More paradoxical were the findings of significantly increased early apoptosis in the less complex cells obtained from DED patients after topical steroid treatment. This effect would be more easily explained if patients had received prolonged topical treatment and eyedrops containing preservatives, as previous reports have suggested. 70,71 However, the ev-DED patients who participated in this study received only a 3-week course of corticosteroids, and all drugs were preservative-free. Similar changes also occurred in patients with aqueous-deficient DED treated with topical cyclosporine A. 26 That treatment significantly increased the APO2.7 proapoptotic marker expression in conjunctival epithelium, which presented clear signs of hyperplasia. Collectively, these results suggest that after treatment, conjunctival epithelial homeostasis is maintained by increased apoptosis of the injured epithelial tissue balanced by hyperplastic activity in the deeper epithelial layers (which most likely correspond to the niche of the less complex cell population present in the apoptosis assay). Clearly, further long-term studies are needed to monitor the effects of corticosteroid treatment on apoptotic pathways. 
Cell proliferation of the conjunctival epithelium in dry eye has received little attention. We found that most BC-recovered conjunctival cells from ev-DED patients were in the G0/G1 phase, followed by the G2/M phase, and lastly by the S-phase. However, a completely altered conjunctival epithelium, as evidenced by the dysregulation of the cell cycle fractions, was present in ev-DED patients compared with normal conjunctiva. This pathologic feature has been shown by others to be strongly correlated with increased expression of apoptosis-inducing proteins such as CD40, CD40L, Fas, FasL, and APO2.7 66,67 and proinflammatory cytokines such as IL-1, IL-6, IL-8, and TNF-α in dry eye. 72 74 This suggests that ocular surface inflammation may decrease epithelial turnover, indeed helping to explain the epithelial damage seen clinically on fluorescein staining as corneal epithelial punctate keratopathy. Based on the Ki-67 cell proliferation marker, abnormal proliferation of the conjunctival epithelium was reported in patients with aqueous-deficient DED with or without Sjögren's syndrome. 75,76 However, these results are not comparable with our findings because of known discrepancies between the results of cell cycle determination by Ki-67 and DNA content. 77,78 The Ki-67 protein is expressed during the G1, S, G2, and M phases of the cell cycle but not in the quiescent G0 phase. 79,80 Measurement of DNA content by FC, as we performed, provides a more detailed description of the number and percentage of cells in the different phases of the cell cycle. Thus, the DNA content of the cells in the inflamed ocular surface may serve as a biomarker for the disease and the response to treatment. This warrants further investigation. 

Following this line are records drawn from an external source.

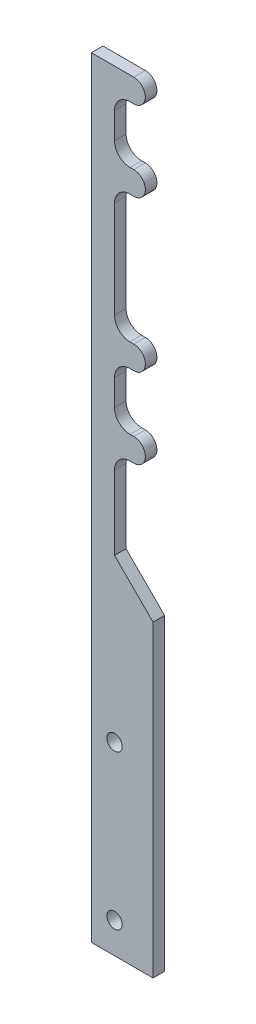
ISO-10303-21;
HEADER;
FILE_DESCRIPTION(('STEP AP214'),'2;1');
FILE_NAME('part.step','',(''),(''),'','','');
FILE_SCHEMA(('AUTOMOTIVE_DESIGN { 1 0 10303 214 1 1 1 1 }'));
ENDSEC;
DATA;
#1=APPLICATION_CONTEXT('core data for automotive mechanical design processes');
#2=APPLICATION_PROTOCOL_DEFINITION('international standard','automotive_design',2000,#1);
#3=PRODUCT_CONTEXT('',#1,'mechanical');
#4=PRODUCT('Part','Part','',(#3));
#5=PRODUCT_RELATED_PRODUCT_CATEGORY('part','',(#4));
#6=PRODUCT_DEFINITION_FORMATION('','',#4);
#7=PRODUCT_DEFINITION_CONTEXT('part definition',#1,'design');
#8=PRODUCT_DEFINITION('design','',#6,#7);
#9=PRODUCT_DEFINITION_SHAPE('','',#8);
#10=(LENGTH_UNIT() NAMED_UNIT(*) SI_UNIT(.MILLI.,.METRE.));
#11=(NAMED_UNIT(*) PLANE_ANGLE_UNIT() SI_UNIT($,.RADIAN.));
#12=(NAMED_UNIT(*) SI_UNIT($,.STERADIAN.) SOLID_ANGLE_UNIT());
#13=UNCERTAINTY_MEASURE_WITH_UNIT(LENGTH_MEASURE(1.E-05),#10,'distance_accuracy_value','');
#14=(GEOMETRIC_REPRESENTATION_CONTEXT(3) GLOBAL_UNCERTAINTY_ASSIGNED_CONTEXT((#13)) GLOBAL_UNIT_ASSIGNED_CONTEXT((#10,
#11,#12)) REPRESENTATION_CONTEXT('',''));
#15=CARTESIAN_POINT('',(0.,0.,0.));
#16=DIRECTION('',(0.,0.,1.));
#17=DIRECTION('',(1.,0.,0.));
#18=AXIS2_PLACEMENT_3D('',#15,#16,#17);
#19=CARTESIAN_POINT('',(0.,-51.6961524227066,1.5));
#20=DIRECTION('',(0.,1.,0.));
#21=DIRECTION('',(0.,0.,1.));
#22=AXIS2_PLACEMENT_3D('',#19,#20,#21);
#23=PLANE('',#22);
#24=DIRECTION('',(1.,0.,0.));
#25=VECTOR('',#24,1.);
#26=CARTESIAN_POINT('',(0.,-51.6961524227066,1.5));
#27=LINE('',#26,#25);
#28=CARTESIAN_POINT('',(-3.49999999999998,-51.6961524227066,1.5));
#29=VERTEX_POINT('',#28);
#30=CARTESIAN_POINT('',(-3.,-51.6961524227066,1.5));
#31=VERTEX_POINT('',#30);
#32=EDGE_CURVE('E216',#29,#31,#27,.T.);
#33=ORIENTED_EDGE('',*,*,#32,.F.);
#34=DIRECTION('',(0.,0.,-1.));
#35=VECTOR('',#34,1.);
#36=CARTESIAN_POINT('',(-3.49999999999998,-51.6961524227066,0.));
#37=LINE('',#36,#35);
#38=CARTESIAN_POINT('',(-3.49999999999998,-51.6961524227066,0.));
#39=VERTEX_POINT('',#38);
#40=EDGE_CURVE('E243',#29,#39,#37,.T.);
#41=ORIENTED_EDGE('',*,*,#40,.T.);
#42=DIRECTION('',(1.,0.,0.));
#43=VECTOR('',#42,1.);
#44=CARTESIAN_POINT('',(0.,-51.6961524227066,0.));
#45=LINE('',#44,#43);
#46=CARTESIAN_POINT('',(-3.,-51.6961524227066,0.));
#47=VERTEX_POINT('',#46);
#48=EDGE_CURVE('E241',#39,#47,#45,.T.);
#49=ORIENTED_EDGE('',*,*,#48,.T.);
#50=DIRECTION('',(0.,0.,-1.));
#51=VECTOR('',#50,1.);
#52=CARTESIAN_POINT('',(-3.,-51.6961524227066,1.5));
#53=LINE('',#52,#51);
#54=EDGE_CURVE('E235',#31,#47,#53,.T.);
#55=ORIENTED_EDGE('',*,*,#54,.F.);
#56=EDGE_LOOP('',(#33,#41,#49,#55));
#57=FACE_BOUND('',#56,.T.);
#58=ADVANCED_FACE('F36',(#57),#23,.F.);
#59=CARTESIAN_POINT('',(-3.,-50.1961524227066,1.5));
#60=DIRECTION('',(0.,0.,-1.));
#61=DIRECTION('',(-1.,0.,0.));
#62=AXIS2_PLACEMENT_3D('',#59,#60,#61);
#63=CYLINDRICAL_SURFACE('',#62,1.5);
#64=CARTESIAN_POINT('',(-3.,-50.1961524227066,0.));
#65=DIRECTION('',(0.,0.,1.));
#66=DIRECTION('',(1.,0.,0.));
#67=AXIS2_PLACEMENT_3D('',#64,#65,#66);
#68=CIRCLE('',#67,1.5);
#69=CARTESIAN_POINT('',(-3.,-48.6961524227066,0.));
#70=VERTEX_POINT('',#69);
#71=EDGE_CURVE('E362',#47,#70,#68,.T.);
#72=ORIENTED_EDGE('',*,*,#71,.T.);
#73=DIRECTION('',(0.,0.,-1.));
#74=VECTOR('',#73,1.);
#75=CARTESIAN_POINT('',(-3.,-48.6961524227066,1.5));
#76=LINE('',#75,#74);
#77=CARTESIAN_POINT('',(-3.,-48.6961524227066,1.5));
#78=VERTEX_POINT('',#77);
#79=EDGE_CURVE('E237',#78,#70,#76,.T.);
#80=ORIENTED_EDGE('',*,*,#79,.F.);
#81=CARTESIAN_POINT('',(-3.,-50.1961524227066,1.5));
#82=DIRECTION('',(0.,0.,1.));
#83=DIRECTION('',(1.,0.,0.));
#84=AXIS2_PLACEMENT_3D('',#81,#82,#83);
#85=CIRCLE('',#84,1.5);
#86=EDGE_CURVE('E221',#31,#78,#85,.T.);
#87=ORIENTED_EDGE('',*,*,#86,.F.);
#88=ORIENTED_EDGE('',*,*,#54,.T.);
#89=EDGE_LOOP('',(#72,#80,#87,#88));
#90=FACE_BOUND('',#89,.T.);
#91=ADVANCED_FACE('F234',(#90),#63,.T.);
#92=CARTESIAN_POINT('',(0.,-48.6961524227066,1.5));
#93=DIRECTION('',(0.,1.,0.));
#94=DIRECTION('',(0.,0.,1.));
#95=AXIS2_PLACEMENT_3D('',#92,#93,#94);
#96=PLANE('',#95);
#97=DIRECTION('',(1.,0.,0.));
#98=VECTOR('',#97,1.);
#99=CARTESIAN_POINT('',(0.,-48.6961524227066,0.));
#100=LINE('',#99,#98);
#101=CARTESIAN_POINT('',(-3.49999999999998,-48.6961524227066,0.));
#102=VERTEX_POINT('',#101);
#103=EDGE_CURVE('E364',#102,#70,#100,.T.);
#104=ORIENTED_EDGE('',*,*,#103,.F.);
#105=DIRECTION('',(0.,0.,-1.));
#106=VECTOR('',#105,1.);
#107=CARTESIAN_POINT('',(-3.49999999999998,-48.6961524227066,1.5));
#108=LINE('',#107,#106);
#109=CARTESIAN_POINT('',(-3.49999999999998,-48.6961524227066,1.5));
#110=VERTEX_POINT('',#109);
#111=EDGE_CURVE('E257',#102,#110,#108,.F.);
#112=ORIENTED_EDGE('',*,*,#111,.T.);
#113=DIRECTION('',(1.,0.,0.));
#114=VECTOR('',#113,1.);
#115=CARTESIAN_POINT('',(0.,-48.6961524227066,1.5));
#116=LINE('',#115,#114);
#117=EDGE_CURVE('E238',#110,#78,#116,.T.);
#118=ORIENTED_EDGE('',*,*,#117,.T.);
#119=ORIENTED_EDGE('',*,*,#79,.T.);
#120=EDGE_LOOP('',(#104,#112,#118,#119));
#121=FACE_BOUND('',#120,.T.);
#122=ADVANCED_FACE('F462',(#121),#96,.T.);
#123=CARTESIAN_POINT('',(-5.49999999999998,0.,1.5));
#124=DIRECTION('',(1.,0.,0.));
#125=DIRECTION('',(0.,0.,-1.));
#126=AXIS2_PLACEMENT_3D('',#123,#124,#125);
#127=PLANE('',#126);
#128=DIRECTION('',(0.,-1.,0.));
#129=VECTOR('',#128,1.);
#130=CARTESIAN_POINT('',(-5.49999999999998,0.,1.5));
#131=LINE('',#130,#129);
#132=CARTESIAN_POINT('',(-5.49999999999998,-43.3038475772934,1.5));
#133=VERTEX_POINT('',#132);
#134=CARTESIAN_POINT('',(-5.49999999999998,-46.6961524227066,1.5));
#135=VERTEX_POINT('',#134);
#136=EDGE_CURVE('E319',#133,#135,#131,.T.);
#137=ORIENTED_EDGE('',*,*,#136,.T.);
#138=DIRECTION('',(0.,0.,-1.));
#139=VECTOR('',#138,1.);
#140=CARTESIAN_POINT('',(-5.49999999999998,-46.6961524227066,0.));
#141=LINE('',#140,#139);
#142=CARTESIAN_POINT('',(-5.49999999999998,-46.6961524227066,0.));
#143=VERTEX_POINT('',#142);
#144=EDGE_CURVE('E254',#135,#143,#141,.T.);
#145=ORIENTED_EDGE('',*,*,#144,.T.);
#146=DIRECTION('',(0.,-1.,0.));
#147=VECTOR('',#146,1.);
#148=CARTESIAN_POINT('',(-5.49999999999998,0.,0.));
#149=LINE('',#148,#147);
#150=CARTESIAN_POINT('',(-5.49999999999998,-43.3038475772934,0.));
#151=VERTEX_POINT('',#150);
#152=EDGE_CURVE('E366',#151,#143,#149,.T.);
#153=ORIENTED_EDGE('',*,*,#152,.F.);
#154=DIRECTION('',(0.,0.,-1.));
#155=VECTOR('',#154,1.);
#156=CARTESIAN_POINT('',(-5.49999999999998,-43.3038475772934,1.5));
#157=LINE('',#156,#155);
#158=EDGE_CURVE('E252',#151,#133,#157,.F.);
#159=ORIENTED_EDGE('',*,*,#158,.T.);
#160=EDGE_LOOP('',(#137,#145,#153,#159));
#161=FACE_BOUND('',#160,.T.);
#162=ADVANCED_FACE('F453',(#161),#127,.T.);
#163=CARTESIAN_POINT('',(0.,-41.3038475772934,1.5));
#164=DIRECTION('',(0.,-1.,0.));
#165=DIRECTION('',(0.,0.,-1.));
#166=AXIS2_PLACEMENT_3D('',#163,#164,#165);
#167=PLANE('',#166);
#168=DIRECTION('',(-1.,0.,0.));
#169=VECTOR('',#168,1.);
#170=CARTESIAN_POINT('',(0.,-41.3038475772934,1.5));
#171=LINE('',#170,#169);
#172=CARTESIAN_POINT('',(-3.,-41.3038475772934,1.5));
#173=VERTEX_POINT('',#172);
#174=CARTESIAN_POINT('',(-3.49999999999998,-41.3038475772934,1.5));
#175=VERTEX_POINT('',#174);
#176=EDGE_CURVE('E322',#173,#175,#171,.T.);
#177=ORIENTED_EDGE('',*,*,#176,.T.);
#178=DIRECTION('',(0.,0.,-1.));
#179=VECTOR('',#178,1.);
#180=CARTESIAN_POINT('',(-3.49999999999998,-41.3038475772934,0.));
#181=LINE('',#180,#179);
#182=CARTESIAN_POINT('',(-3.49999999999998,-41.3038475772934,0.));
#183=VERTEX_POINT('',#182);
#184=EDGE_CURVE('E259',#175,#183,#181,.T.);
#185=ORIENTED_EDGE('',*,*,#184,.T.);
#186=DIRECTION('',(-1.,0.,0.));
#187=VECTOR('',#186,1.);
#188=CARTESIAN_POINT('',(0.,-41.3038475772934,0.));
#189=LINE('',#188,#187);
#190=CARTESIAN_POINT('',(-3.,-41.3038475772934,0.));
#191=VERTEX_POINT('',#190);
#192=EDGE_CURVE('E369',#191,#183,#189,.T.);
#193=ORIENTED_EDGE('',*,*,#192,.F.);
#194=DIRECTION('',(0.,0.,-1.));
#195=VECTOR('',#194,1.);
#196=CARTESIAN_POINT('',(-3.,-41.3038475772934,1.5));
#197=LINE('',#196,#195);
#198=EDGE_CURVE('E247',#173,#191,#197,.T.);
#199=ORIENTED_EDGE('',*,*,#198,.F.);
#200=EDGE_LOOP('',(#177,#185,#193,#199));
#201=FACE_BOUND('',#200,.T.);
#202=ADVANCED_FACE('F445',(#201),#167,.T.);
#203=CARTESIAN_POINT('',(-3.,-39.8038475772934,1.5));
#204=DIRECTION('',(0.,0.,-1.));
#205=DIRECTION('',(-1.,0.,0.));
#206=AXIS2_PLACEMENT_3D('',#203,#204,#205);
#207=CYLINDRICAL_SURFACE('',#206,1.5);
#208=CARTESIAN_POINT('',(-3.,-39.8038475772934,0.));
#209=DIRECTION('',(0.,0.,1.));
#210=DIRECTION('',(1.,0.,0.));
#211=AXIS2_PLACEMENT_3D('',#208,#209,#210);
#212=CIRCLE('',#211,1.5);
#213=CARTESIAN_POINT('',(-3.,-38.3038475772934,0.));
#214=VERTEX_POINT('',#213);
#215=EDGE_CURVE('E372',#191,#214,#212,.T.);
#216=ORIENTED_EDGE('',*,*,#215,.T.);
#217=DIRECTION('',(0.,0.,-1.));
#218=VECTOR('',#217,1.);
#219=CARTESIAN_POINT('',(-3.,-38.3038475772934,1.5));
#220=LINE('',#219,#218);
#221=CARTESIAN_POINT('',(-3.,-38.3038475772934,1.5));
#222=VERTEX_POINT('',#221);
#223=EDGE_CURVE('E432',#222,#214,#220,.T.);
#224=ORIENTED_EDGE('',*,*,#223,.F.);
#225=CARTESIAN_POINT('',(-3.,-39.8038475772934,1.5));
#226=DIRECTION('',(0.,0.,1.));
#227=DIRECTION('',(1.,0.,0.));
#228=AXIS2_PLACEMENT_3D('',#225,#226,#227);
#229=CIRCLE('',#228,1.5);
#230=EDGE_CURVE('E325',#173,#222,#229,.T.);
#231=ORIENTED_EDGE('',*,*,#230,.F.);
#232=ORIENTED_EDGE('',*,*,#198,.T.);
#233=EDGE_LOOP('',(#216,#224,#231,#232));
#234=FACE_BOUND('',#233,.T.);
#235=ADVANCED_FACE('F437',(#234),#207,.T.);
#236=CARTESIAN_POINT('',(0.,-38.3038475772934,1.5));
#237=DIRECTION('',(0.,-1.,0.));
#238=DIRECTION('',(0.,0.,-1.));
#239=AXIS2_PLACEMENT_3D('',#236,#237,#238);
#240=PLANE('',#239);
#241=DIRECTION('',(-1.,0.,0.));
#242=VECTOR('',#241,1.);
#243=CARTESIAN_POINT('',(0.,-38.3038475772934,0.));
#244=LINE('',#243,#242);
#245=CARTESIAN_POINT('',(-3.49999999999998,-38.3038475772934,0.));
#246=VERTEX_POINT('',#245);
#247=EDGE_CURVE('E374',#214,#246,#244,.T.);
#248=ORIENTED_EDGE('',*,*,#247,.T.);
#249=DIRECTION('',(0.,0.,-1.));
#250=VECTOR('',#249,1.);
#251=CARTESIAN_POINT('',(-3.49999999999998,-38.3038475772934,1.5));
#252=LINE('',#251,#250);
#253=CARTESIAN_POINT('',(-3.49999999999998,-38.3038475772934,1.5));
#254=VERTEX_POINT('',#253);
#255=EDGE_CURVE('E267',#246,#254,#252,.F.);
#256=ORIENTED_EDGE('',*,*,#255,.T.);
#257=DIRECTION('',(-1.,0.,0.));
#258=VECTOR('',#257,1.);
#259=CARTESIAN_POINT('',(0.,-38.3038475772934,1.5));
#260=LINE('',#259,#258);
#261=EDGE_CURVE('E327',#222,#254,#260,.T.);
#262=ORIENTED_EDGE('',*,*,#261,.F.);
#263=ORIENTED_EDGE('',*,*,#223,.T.);
#264=EDGE_LOOP('',(#248,#256,#262,#263));
#265=FACE_BOUND('',#264,.T.);
#266=ADVANCED_FACE('F496',(#265),#240,.F.);
#267=CARTESIAN_POINT('',(-5.49999999999999,0.,1.5));
#268=DIRECTION('',(1.,0.,0.));
#269=DIRECTION('',(0.,1.,0.));
#270=AXIS2_PLACEMENT_3D('',#267,#268,#269);
#271=PLANE('',#270);
#272=DIRECTION('',(0.,-1.,0.));
#273=VECTOR('',#272,1.);
#274=CARTESIAN_POINT('',(-5.49999999999999,0.,1.5));
#275=LINE('',#274,#273);
#276=CARTESIAN_POINT('',(-5.49999999999998,-23.6961524227067,1.5));
#277=VERTEX_POINT('',#276);
#278=CARTESIAN_POINT('',(-5.49999999999998,-36.3038475772934,1.5));
#279=VERTEX_POINT('',#278);
#280=EDGE_CURVE('E330',#277,#279,#275,.T.);
#281=ORIENTED_EDGE('',*,*,#280,.T.);
#282=DIRECTION('',(0.,0.,-1.));
#283=VECTOR('',#282,1.);
#284=CARTESIAN_POINT('',(-5.49999999999998,-36.3038475772934,1.5));
#285=LINE('',#284,#283);
#286=CARTESIAN_POINT('',(-5.49999999999998,-36.3038475772934,0.));
#287=VERTEX_POINT('',#286);
#288=EDGE_CURVE('E264',#279,#287,#285,.T.);
#289=ORIENTED_EDGE('',*,*,#288,.T.);
#290=DIRECTION('',(0.,-1.,0.));
#291=VECTOR('',#290,1.);
#292=CARTESIAN_POINT('',(-5.49999999999999,0.,0.));
#293=LINE('',#292,#291);
#294=CARTESIAN_POINT('',(-5.49999999999998,-23.6961524227067,0.));
#295=VERTEX_POINT('',#294);
#296=EDGE_CURVE('E377',#295,#287,#293,.T.);
#297=ORIENTED_EDGE('',*,*,#296,.F.);
#298=DIRECTION('',(0.,0.,-1.));
#299=VECTOR('',#298,1.);
#300=CARTESIAN_POINT('',(-5.49999999999998,-23.6961524227067,1.5));
#301=LINE('',#300,#299);
#302=EDGE_CURVE('E262',#295,#277,#301,.F.);
#303=ORIENTED_EDGE('',*,*,#302,.T.);
#304=EDGE_LOOP('',(#281,#289,#297,#303));
#305=FACE_BOUND('',#304,.T.);
#306=ADVANCED_FACE('F499',(#305),#271,.T.);
#307=CARTESIAN_POINT('',(0.,-21.6961524227066,1.5));
#308=DIRECTION('',(0.,-1.,0.));
#309=DIRECTION('',(0.,0.,-1.));
#310=AXIS2_PLACEMENT_3D('',#307,#308,#309);
#311=PLANE('',#310);
#312=DIRECTION('',(-1.,0.,0.));
#313=VECTOR('',#312,1.);
#314=CARTESIAN_POINT('',(0.,-21.6961524227066,1.5));
#315=LINE('',#314,#313);
#316=CARTESIAN_POINT('',(-3.,-21.6961524227066,1.5));
#317=VERTEX_POINT('',#316);
#318=CARTESIAN_POINT('',(-3.49999999999998,-21.6961524227066,1.5));
#319=VERTEX_POINT('',#318);
#320=EDGE_CURVE('E333',#317,#319,#315,.T.);
#321=ORIENTED_EDGE('',*,*,#320,.T.);
#322=DIRECTION('',(0.,0.,-1.));
#323=VECTOR('',#322,1.);
#324=CARTESIAN_POINT('',(-3.49999999999998,-21.6961524227066,0.));
#325=LINE('',#324,#323);
#326=CARTESIAN_POINT('',(-3.49999999999998,-21.6961524227066,0.));
#327=VERTEX_POINT('',#326);
#328=EDGE_CURVE('E269',#319,#327,#325,.T.);
#329=ORIENTED_EDGE('',*,*,#328,.T.);
#330=DIRECTION('',(-1.,0.,0.));
#331=VECTOR('',#330,1.);
#332=CARTESIAN_POINT('',(0.,-21.6961524227066,0.));
#333=LINE('',#332,#331);
#334=CARTESIAN_POINT('',(-3.,-21.6961524227066,0.));
#335=VERTEX_POINT('',#334);
#336=EDGE_CURVE('E380',#335,#327,#333,.T.);
#337=ORIENTED_EDGE('',*,*,#336,.F.);
#338=DIRECTION('',(0.,0.,-1.));
#339=VECTOR('',#338,1.);
#340=CARTESIAN_POINT('',(-3.,-21.6961524227066,1.5));
#341=LINE('',#340,#339);
#342=EDGE_CURVE('E430',#317,#335,#341,.T.);
#343=ORIENTED_EDGE('',*,*,#342,.F.);
#344=EDGE_LOOP('',(#321,#329,#337,#343));
#345=FACE_BOUND('',#344,.T.);
#346=ADVANCED_FACE('F503',(#345),#311,.T.);
#347=CARTESIAN_POINT('',(-3.,-20.1961524227066,1.5));
#348=DIRECTION('',(0.,0.,-1.));
#349=DIRECTION('',(-1.,0.,0.));
#350=AXIS2_PLACEMENT_3D('',#347,#348,#349);
#351=CYLINDRICAL_SURFACE('',#350,1.5);
#352=CARTESIAN_POINT('',(-3.,-20.1961524227066,0.));
#353=DIRECTION('',(0.,0.,1.));
#354=DIRECTION('',(1.,0.,0.));
#355=AXIS2_PLACEMENT_3D('',#352,#353,#354);
#356=CIRCLE('',#355,1.5);
#357=CARTESIAN_POINT('',(-3.,-18.6961524227066,0.));
#358=VERTEX_POINT('',#357);
#359=EDGE_CURVE('E383',#335,#358,#356,.T.);
#360=ORIENTED_EDGE('',*,*,#359,.T.);
#361=DIRECTION('',(0.,0.,-1.));
#362=VECTOR('',#361,1.);
#363=CARTESIAN_POINT('',(-3.,-18.6961524227066,1.5));
#364=LINE('',#363,#362);
#365=CARTESIAN_POINT('',(-3.,-18.6961524227066,1.5));
#366=VERTEX_POINT('',#365);
#367=EDGE_CURVE('E427',#366,#358,#364,.T.);
#368=ORIENTED_EDGE('',*,*,#367,.F.);
#369=CARTESIAN_POINT('',(-3.,-20.1961524227066,1.5));
#370=DIRECTION('',(0.,0.,1.));
#371=DIRECTION('',(1.,0.,0.));
#372=AXIS2_PLACEMENT_3D('',#369,#370,#371);
#373=CIRCLE('',#372,1.5);
#374=EDGE_CURVE('E336',#317,#366,#373,.T.);
#375=ORIENTED_EDGE('',*,*,#374,.F.);
#376=ORIENTED_EDGE('',*,*,#342,.T.);
#377=EDGE_LOOP('',(#360,#368,#375,#376));
#378=FACE_BOUND('',#377,.T.);
#379=ADVANCED_FACE('F507',(#378),#351,.T.);
#380=CARTESIAN_POINT('',(0.,-18.6961524227066,1.5));
#381=DIRECTION('',(0.,1.,0.));
#382=DIRECTION('',(0.,0.,1.));
#383=AXIS2_PLACEMENT_3D('',#380,#381,#382);
#384=PLANE('',#383);
#385=DIRECTION('',(1.,0.,0.));
#386=VECTOR('',#385,1.);
#387=CARTESIAN_POINT('',(0.,-18.6961524227066,0.));
#388=LINE('',#387,#386);
#389=CARTESIAN_POINT('',(-3.49999999999998,-18.6961524227066,0.));
#390=VERTEX_POINT('',#389);
#391=EDGE_CURVE('E386',#390,#358,#388,.T.);
#392=ORIENTED_EDGE('',*,*,#391,.F.);
#393=DIRECTION('',(0.,0.,-1.));
#394=VECTOR('',#393,1.);
#395=CARTESIAN_POINT('',(-3.49999999999998,-18.6961524227066,1.5));
#396=LINE('',#395,#394);
#397=CARTESIAN_POINT('',(-3.49999999999998,-18.6961524227066,1.5));
#398=VERTEX_POINT('',#397);
#399=EDGE_CURVE('E277',#390,#398,#396,.F.);
#400=ORIENTED_EDGE('',*,*,#399,.T.);
#401=DIRECTION('',(1.,0.,0.));
#402=VECTOR('',#401,1.);
#403=CARTESIAN_POINT('',(0.,-18.6961524227066,1.5));
#404=LINE('',#403,#402);
#405=EDGE_CURVE('E339',#398,#366,#404,.T.);
#406=ORIENTED_EDGE('',*,*,#405,.T.);
#407=ORIENTED_EDGE('',*,*,#367,.T.);
#408=EDGE_LOOP('',(#392,#400,#406,#407));
#409=FACE_BOUND('',#408,.T.);
#410=ADVANCED_FACE('F511',(#409),#384,.T.);
#411=CARTESIAN_POINT('',(-5.49999999999998,0.,1.5));
#412=DIRECTION('',(1.,0.,0.));
#413=DIRECTION('',(0.,0.,-1.));
#414=AXIS2_PLACEMENT_3D('',#411,#412,#413);
#415=PLANE('',#414);
#416=DIRECTION('',(0.,-1.,0.));
#417=VECTOR('',#416,1.);
#418=CARTESIAN_POINT('',(-5.49999999999998,0.,1.5));
#419=LINE('',#418,#417);
#420=CARTESIAN_POINT('',(-5.49999999999998,-13.3038475772934,1.5));
#421=VERTEX_POINT('',#420);
#422=CARTESIAN_POINT('',(-5.49999999999998,-16.6961524227066,1.5));
#423=VERTEX_POINT('',#422);
#424=EDGE_CURVE('E341',#421,#423,#419,.T.);
#425=ORIENTED_EDGE('',*,*,#424,.T.);
#426=DIRECTION('',(0.,0.,-1.));
#427=VECTOR('',#426,1.);
#428=CARTESIAN_POINT('',(-5.49999999999998,-16.6961524227066,0.));
#429=LINE('',#428,#427);
#430=CARTESIAN_POINT('',(-5.49999999999998,-16.6961524227066,0.));
#431=VERTEX_POINT('',#430);
#432=EDGE_CURVE('E274',#423,#431,#429,.T.);
#433=ORIENTED_EDGE('',*,*,#432,.T.);
#434=DIRECTION('',(0.,-1.,0.));
#435=VECTOR('',#434,1.);
#436=CARTESIAN_POINT('',(-5.49999999999998,0.,0.));
#437=LINE('',#436,#435);
#438=CARTESIAN_POINT('',(-5.49999999999998,-13.3038475772934,0.));
#439=VERTEX_POINT('',#438);
#440=EDGE_CURVE('E388',#439,#431,#437,.T.);
#441=ORIENTED_EDGE('',*,*,#440,.F.);
#442=DIRECTION('',(0.,0.,-1.));
#443=VECTOR('',#442,1.);
#444=CARTESIAN_POINT('',(-5.49999999999998,-13.3038475772934,1.5));
#445=LINE('',#444,#443);
#446=EDGE_CURVE('E272',#439,#421,#445,.F.);
#447=ORIENTED_EDGE('',*,*,#446,.T.);
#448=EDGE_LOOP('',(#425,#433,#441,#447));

A wide variety of symptom questionnaires and diagnostics tests are often used to assess the presence, severity, or both of DED. 4 However, evidence of inflammation in DED and poor correlation between symptoms and clinical tests, particularly in mild to moderate dry eye, 8 10,81 have fostered the search for promising biological markers that are well correlated with dry eye symptoms and that accurately reflect ocular surface inflammation. We found no correlations of the global scores for the SODQ and SANDE questionnaires with any of the immunologic parameters assessed by FC. There was a significant association with the itching sensation score and the presence of apoptotic cells. Our results also showed that immunologic markers such as the CD4/CD8 ratio and infiltrating B-lymphocytes were inversely correlated with tear lysozyme levels. These results are in agreement with those showing negative correlations between the conjunctival infiltrate density and the tear film break up times. 82 These findings provide further evidence that immune-based assessment of conjunctival inflammation by a combination of FC and BC techniques may well be correlated with subjective and objective clinical parameters and therefore may be of help in the diagnosis of DED. 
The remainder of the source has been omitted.